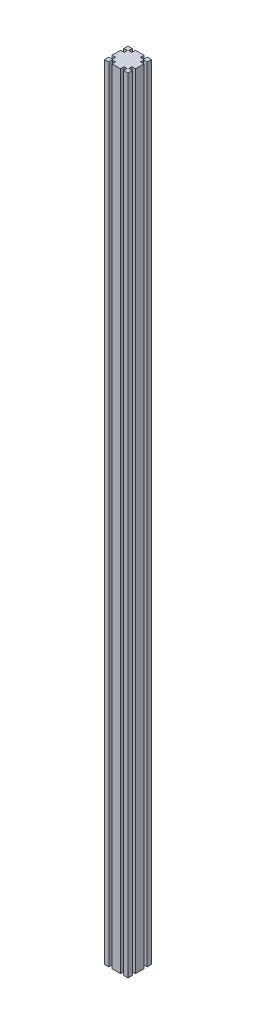
ISO-10303-21;
HEADER;
FILE_DESCRIPTION(('STEP AP214'),'2;1');
FILE_NAME('part.step','',(''),(''),'','','');
FILE_SCHEMA(('AUTOMOTIVE_DESIGN { 1 0 10303 214 1 1 1 1 }'));
ENDSEC;
DATA;
#1=APPLICATION_CONTEXT('core data for automotive mechanical design processes');
#2=APPLICATION_PROTOCOL_DEFINITION('international standard','automotive_design',2000,#1);
#3=PRODUCT_CONTEXT('',#1,'mechanical');
#4=PRODUCT('Part','Part','',(#3));
#5=PRODUCT_RELATED_PRODUCT_CATEGORY('part','',(#4));
#6=PRODUCT_DEFINITION_FORMATION('','',#4);
#7=PRODUCT_DEFINITION_CONTEXT('part definition',#1,'design');
#8=PRODUCT_DEFINITION('design','',#6,#7);
#9=PRODUCT_DEFINITION_SHAPE('','',#8);
#10=(LENGTH_UNIT() NAMED_UNIT(*) SI_UNIT(.MILLI.,.METRE.));
#11=(NAMED_UNIT(*) PLANE_ANGLE_UNIT() SI_UNIT($,.RADIAN.));
#12=(NAMED_UNIT(*) SI_UNIT($,.STERADIAN.) SOLID_ANGLE_UNIT());
#13=UNCERTAINTY_MEASURE_WITH_UNIT(LENGTH_MEASURE(1.E-05),#10,'distance_accuracy_value','');
#14=(GEOMETRIC_REPRESENTATION_CONTEXT(3) GLOBAL_UNCERTAINTY_ASSIGNED_CONTEXT((#13)) GLOBAL_UNIT_ASSIGNED_CONTEXT((#10,
#11,#12)) REPRESENTATION_CONTEXT('',''));
#15=CARTESIAN_POINT('',(0.,0.,0.));
#16=DIRECTION('',(0.,0.,1.));
#17=DIRECTION('',(1.,0.,0.));
#18=AXIS2_PLACEMENT_3D('',#15,#16,#17);
#19=CARTESIAN_POINT('',(0.,2000.,0.));
#20=DIRECTION('',(-1.,0.,0.));
#21=DIRECTION('',(0.,0.,1.));
#22=AXIS2_PLACEMENT_3D('',#19,#20,#21);
#23=PLANE('',#22);
#24=DIRECTION('',(0.,0.,-1.));
#25=VECTOR('',#24,1.);
#26=CARTESIAN_POINT('',(0.,0.,0.));
#27=LINE('',#26,#25);
#28=CARTESIAN_POINT('',(0.,0.,-19.1));
#29=VERTEX_POINT('',#28);
#30=CARTESIAN_POINT('',(0.,0.,-40.9));
#31=VERTEX_POINT('',#30);
#32=EDGE_CURVE('E307',#29,#31,#27,.T.);
#33=ORIENTED_EDGE('',*,*,#32,.F.);
#34=DIRECTION('',(0.,-1.,0.));
#35=VECTOR('',#34,1.);
#36=CARTESIAN_POINT('',(0.,2000.,-19.1));
#37=LINE('',#36,#35);
#38=CARTESIAN_POINT('',(0.,2000.,-19.1));
#39=VERTEX_POINT('',#38);
#40=EDGE_CURVE('E11',#39,#29,#37,.T.);
#41=ORIENTED_EDGE('',*,*,#40,.F.);
#42=DIRECTION('',(0.,0.,-1.));
#43=VECTOR('',#42,1.);
#44=CARTESIAN_POINT('',(0.,2000.,0.));
#45=LINE('',#44,#43);
#46=CARTESIAN_POINT('',(0.,2000.,-40.9));
#47=VERTEX_POINT('',#46);
#48=EDGE_CURVE('E427',#39,#47,#45,.T.);
#49=ORIENTED_EDGE('',*,*,#48,.T.);
#50=DIRECTION('',(0.,-1.,0.));
#51=VECTOR('',#50,1.);
#52=CARTESIAN_POINT('',(0.,2000.,-40.9));
#53=LINE('',#52,#51);
#54=EDGE_CURVE('E178',#47,#31,#53,.T.);
#55=ORIENTED_EDGE('',*,*,#54,.T.);
#56=EDGE_LOOP('',(#33,#41,#49,#55));
#57=FACE_BOUND('',#56,.T.);
#58=ADVANCED_FACE('F41',(#57),#23,.T.);
#59=CARTESIAN_POINT('',(0.,2000.,-19.1));
#60=DIRECTION('',(0.,0.,1.));
#61=DIRECTION('',(1.,0.,0.));
#62=AXIS2_PLACEMENT_3D('',#59,#60,#61);
#63=PLANE('',#62);
#64=DIRECTION('',(-1.,0.,0.));
#65=VECTOR('',#64,1.);
#66=CARTESIAN_POINT('',(0.,0.,-19.1));
#67=LINE('',#66,#65);
#68=CARTESIAN_POINT('',(9.2,0.,-19.1));
#69=VERTEX_POINT('',#68);
#70=EDGE_CURVE('E311',#69,#29,#67,.T.);
#71=ORIENTED_EDGE('',*,*,#70,.F.);
#72=DIRECTION('',(0.,-1.,0.));
#73=VECTOR('',#72,1.);
#74=CARTESIAN_POINT('',(9.2,2000.,-19.1));
#75=LINE('',#74,#73);
#76=CARTESIAN_POINT('',(9.2,2000.,-19.1));
#77=VERTEX_POINT('',#76);
#78=EDGE_CURVE('E51',#77,#69,#75,.T.);
#79=ORIENTED_EDGE('',*,*,#78,.F.);
#80=DIRECTION('',(-1.,0.,0.));
#81=VECTOR('',#80,1.);
#82=CARTESIAN_POINT('',(0.,2000.,-19.1));
#83=LINE('',#82,#81);
#84=EDGE_CURVE('E557',#77,#39,#83,.T.);
#85=ORIENTED_EDGE('',*,*,#84,.T.);
#86=ORIENTED_EDGE('',*,*,#40,.T.);
#87=EDGE_LOOP('',(#71,#79,#85,#86));
#88=FACE_BOUND('',#87,.T.);
#89=ADVANCED_FACE('F43',(#88),#63,.T.);
#90=CARTESIAN_POINT('',(9.2,2000.,0.));
#91=DIRECTION('',(-1.,0.,0.));
#92=DIRECTION('',(0.,0.,1.));
#93=AXIS2_PLACEMENT_3D('',#90,#91,#92);
#94=PLANE('',#93);
#95=DIRECTION('',(0.,0.,-1.));
#96=VECTOR('',#95,1.);
#97=CARTESIAN_POINT('',(9.2,0.,0.));
#98=LINE('',#97,#96);
#99=CARTESIAN_POINT('',(9.2,0.,-10.9));
#100=VERTEX_POINT('',#99);
#101=EDGE_CURVE('E316',#100,#69,#98,.T.);
#102=ORIENTED_EDGE('',*,*,#101,.F.);
#103=DIRECTION('',(0.,-1.,0.));
#104=VECTOR('',#103,1.);
#105=CARTESIAN_POINT('',(9.2,2000.,-10.9));
#106=LINE('',#105,#104);
#107=CARTESIAN_POINT('',(9.2,2000.,-10.9));
#108=VERTEX_POINT('',#107);
#109=EDGE_CURVE('E532',#108,#100,#106,.T.);
#110=ORIENTED_EDGE('',*,*,#109,.F.);
#111=DIRECTION('',(0.,0.,-1.));
#112=VECTOR('',#111,1.);
#113=CARTESIAN_POINT('',(9.2,2000.,0.));
#114=LINE('',#113,#112);
#115=EDGE_CURVE('E541',#108,#77,#114,.T.);
#116=ORIENTED_EDGE('',*,*,#115,.T.);
#117=ORIENTED_EDGE('',*,*,#78,.T.);
#118=EDGE_LOOP('',(#102,#110,#116,#117));
#119=FACE_BOUND('',#118,.T.);
#120=ADVANCED_FACE('F539',(#119),#94,.T.);
#121=CARTESIAN_POINT('',(0.,2000.,-10.9));
#122=DIRECTION('',(0.,0.,-1.));
#123=DIRECTION('',(-1.,0.,0.));
#124=AXIS2_PLACEMENT_3D('',#121,#122,#123);
#125=PLANE('',#124);
#126=DIRECTION('',(1.,0.,0.));
#127=VECTOR('',#126,1.);
#128=CARTESIAN_POINT('',(0.,0.,-10.9));
#129=LINE('',#128,#127);
#130=CARTESIAN_POINT('',(0.,0.,-10.9));
#131=VERTEX_POINT('',#130);
#132=EDGE_CURVE('E320',#131,#100,#129,.T.);
#133=ORIENTED_EDGE('',*,*,#132,.F.);
#134=DIRECTION('',(0.,-1.,0.));
#135=VECTOR('',#134,1.);
#136=CARTESIAN_POINT('',(0.,2000.,-10.9));
#137=LINE('',#136,#135);
#138=CARTESIAN_POINT('',(0.,2000.,-10.9));
#139=VERTEX_POINT('',#138);
#140=EDGE_CURVE('E529',#139,#131,#137,.T.);
#141=ORIENTED_EDGE('',*,*,#140,.F.);
#142=DIRECTION('',(1.,0.,0.));
#143=VECTOR('',#142,1.);
#144=CARTESIAN_POINT('',(0.,2000.,-10.9));
#145=LINE('',#144,#143);
#146=EDGE_CURVE('E554',#139,#108,#145,.T.);
#147=ORIENTED_EDGE('',*,*,#146,.T.);
#148=ORIENTED_EDGE('',*,*,#109,.T.);
#149=EDGE_LOOP('',(#133,#141,#147,#148));
#150=FACE_BOUND('',#149,.T.);
#151=ADVANCED_FACE('F551',(#150),#125,.T.);
#152=CARTESIAN_POINT('',(0.,2000.,0.));
#153=DIRECTION('',(-1.,0.,0.));
#154=DIRECTION('',(0.,0.,1.));
#155=AXIS2_PLACEMENT_3D('',#152,#153,#154);
#156=PLANE('',#155);
#157=DIRECTION('',(0.,0.,-1.));
#158=VECTOR('',#157,1.);
#159=CARTESIAN_POINT('',(0.,0.,0.));
#160=LINE('',#159,#158);
#161=CARTESIAN_POINT('',(0.,0.,0.));
#162=VERTEX_POINT('',#161);
#163=EDGE_CURVE('E324',#162,#131,#160,.T.);
#164=ORIENTED_EDGE('',*,*,#163,.F.);
#165=DIRECTION('',(0.,-1.,0.));
#166=VECTOR('',#165,1.);
#167=CARTESIAN_POINT('',(0.,2000.,0.));
#168=LINE('',#167,#166);
#169=CARTESIAN_POINT('',(0.,2000.,0.));
#170=VERTEX_POINT('',#169);
#171=EDGE_CURVE('E526',#170,#162,#168,.T.);
#172=ORIENTED_EDGE('',*,*,#171,.F.);
#173=DIRECTION('',(0.,0.,-1.));
#174=VECTOR('',#173,1.);
#175=CARTESIAN_POINT('',(0.,2000.,0.));
#176=LINE('',#175,#174);
#177=EDGE_CURVE('E562',#170,#139,#176,.T.);
#178=ORIENTED_EDGE('',*,*,#177,.T.);
#179=ORIENTED_EDGE('',*,*,#140,.T.);
#180=EDGE_LOOP('',(#164,#172,#178,#179));
#181=FACE_BOUND('',#180,.T.);
#182=ADVANCED_FACE('F813',(#181),#156,.T.);
#183=CARTESIAN_POINT('',(0.,2000.,0.));
#184=DIRECTION('',(0.,0.,-1.));
#185=DIRECTION('',(-1.,0.,0.));
#186=AXIS2_PLACEMENT_3D('',#183,#184,#185);
#187=PLANE('',#186);
#188=DIRECTION('',(1.,0.,0.));
#189=VECTOR('',#188,1.);
#190=CARTESIAN_POINT('',(0.,0.,0.));
#191=LINE('',#190,#189);
#192=CARTESIAN_POINT('',(10.9,0.,0.));
#193=VERTEX_POINT('',#192);
#194=EDGE_CURVE('E328',#162,#193,#191,.T.);
#195=ORIENTED_EDGE('',*,*,#194,.T.);
#196=DIRECTION('',(0.,-1.,0.));
#197=VECTOR('',#196,1.);
#198=CARTESIAN_POINT('',(10.9,2000.,0.));
#199=LINE('',#198,#197);
#200=CARTESIAN_POINT('',(10.9,2000.,0.));
#201=VERTEX_POINT('',#200);
#202=EDGE_CURVE('E522',#201,#193,#199,.T.);
#203=ORIENTED_EDGE('',*,*,#202,.F.);
#204=DIRECTION('',(1.,0.,0.));
#205=VECTOR('',#204,1.);
#206=CARTESIAN_POINT('',(0.,2000.,0.));
#207=LINE('',#206,#205);
#208=EDGE_CURVE('E569',#170,#201,#207,.T.);
#209=ORIENTED_EDGE('',*,*,#208,.F.);
#210=ORIENTED_EDGE('',*,*,#171,.T.);
#211=EDGE_LOOP('',(#195,#203,#209,#210));
#212=FACE_BOUND('',#211,.T.);
#213=ADVANCED_FACE('F809',(#212),#187,.F.);
#214=CARTESIAN_POINT('',(10.9,2000.,0.));
#215=DIRECTION('',(-1.,0.,0.));
#216=DIRECTION('',(0.,0.,1.));
#217=AXIS2_PLACEMENT_3D('',#214,#215,#216);
#218=PLANE('',#217);
#219=DIRECTION('',(0.,0.,-1.));
#220=VECTOR('',#219,1.);
#221=CARTESIAN_POINT('',(10.9,0.,0.));
#222=LINE('',#221,#220);
#223=CARTESIAN_POINT('',(10.9,0.,-9.2));
#224=VERTEX_POINT('',#223);
#225=EDGE_CURVE('E331',#193,#224,#222,.T.);
#226=ORIENTED_EDGE('',*,*,#225,.T.);
#227=DIRECTION('',(0.,-1.,0.));
#228=VECTOR('',#227,1.);
#229=CARTESIAN_POINT('',(10.9,2000.,-9.2));
#230=LINE('',#229,#228);
#231=CARTESIAN_POINT('',(10.9,2000.,-9.2));
#232=VERTEX_POINT('',#231);
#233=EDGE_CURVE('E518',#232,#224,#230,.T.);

::::::::::

**Exercise directions**:
From the entries above, give again exactly the lines running from the line with "#116=ORIENTED_EDGE('',*,*,#115,.T.);" to the line with "#142=DIRECTION('',(1.,0.,0.));"; include both of those lines.

**Response area**:
#116=ORIENTED_EDGE('',*,*,#115,.T.);
#117=ORIENTED_EDGE('',*,*,#78,.T.);
#118=EDGE_LOOP('',(#102,#110,#116,#117));
#119=FACE_BOUND('',#118,.T.);
#120=ADVANCED_FACE('F539',(#119),#94,.T.);
#121=CARTESIAN_POINT('',(0.,2000.,-10.9));
#122=DIRECTION('',(0.,0.,-1.));
#123=DIRECTION('',(-1.,0.,0.));
#124=AXIS2_PLACEMENT_3D('',#121,#122,#123);
#125=PLANE('',#124);
#126=DIRECTION('',(1.,0.,0.));
#127=VECTOR('',#126,1.);
#128=CARTESIAN_POINT('',(0.,0.,-10.9));
#129=LINE('',#128,#127);
#130=CARTESIAN_POINT('',(0.,0.,-10.9));
#131=VERTEX_POINT('',#130);
#132=EDGE_CURVE('E320',#131,#100,#129,.T.);
#133=ORIENTED_EDGE('',*,*,#132,.F.);
#134=DIRECTION('',(0.,-1.,0.));
#135=VECTOR('',#134,1.);
#136=CARTESIAN_POINT('',(0.,2000.,-10.9));
#137=LINE('',#136,#135);
#138=CARTESIAN_POINT('',(0.,2000.,-10.9));
#139=VERTEX_POINT('',#138);
#140=EDGE_CURVE('E529',#139,#131,#137,.T.);
#141=ORIENTED_EDGE('',*,*,#140,.F.);
#142=DIRECTION('',(1.,0.,0.));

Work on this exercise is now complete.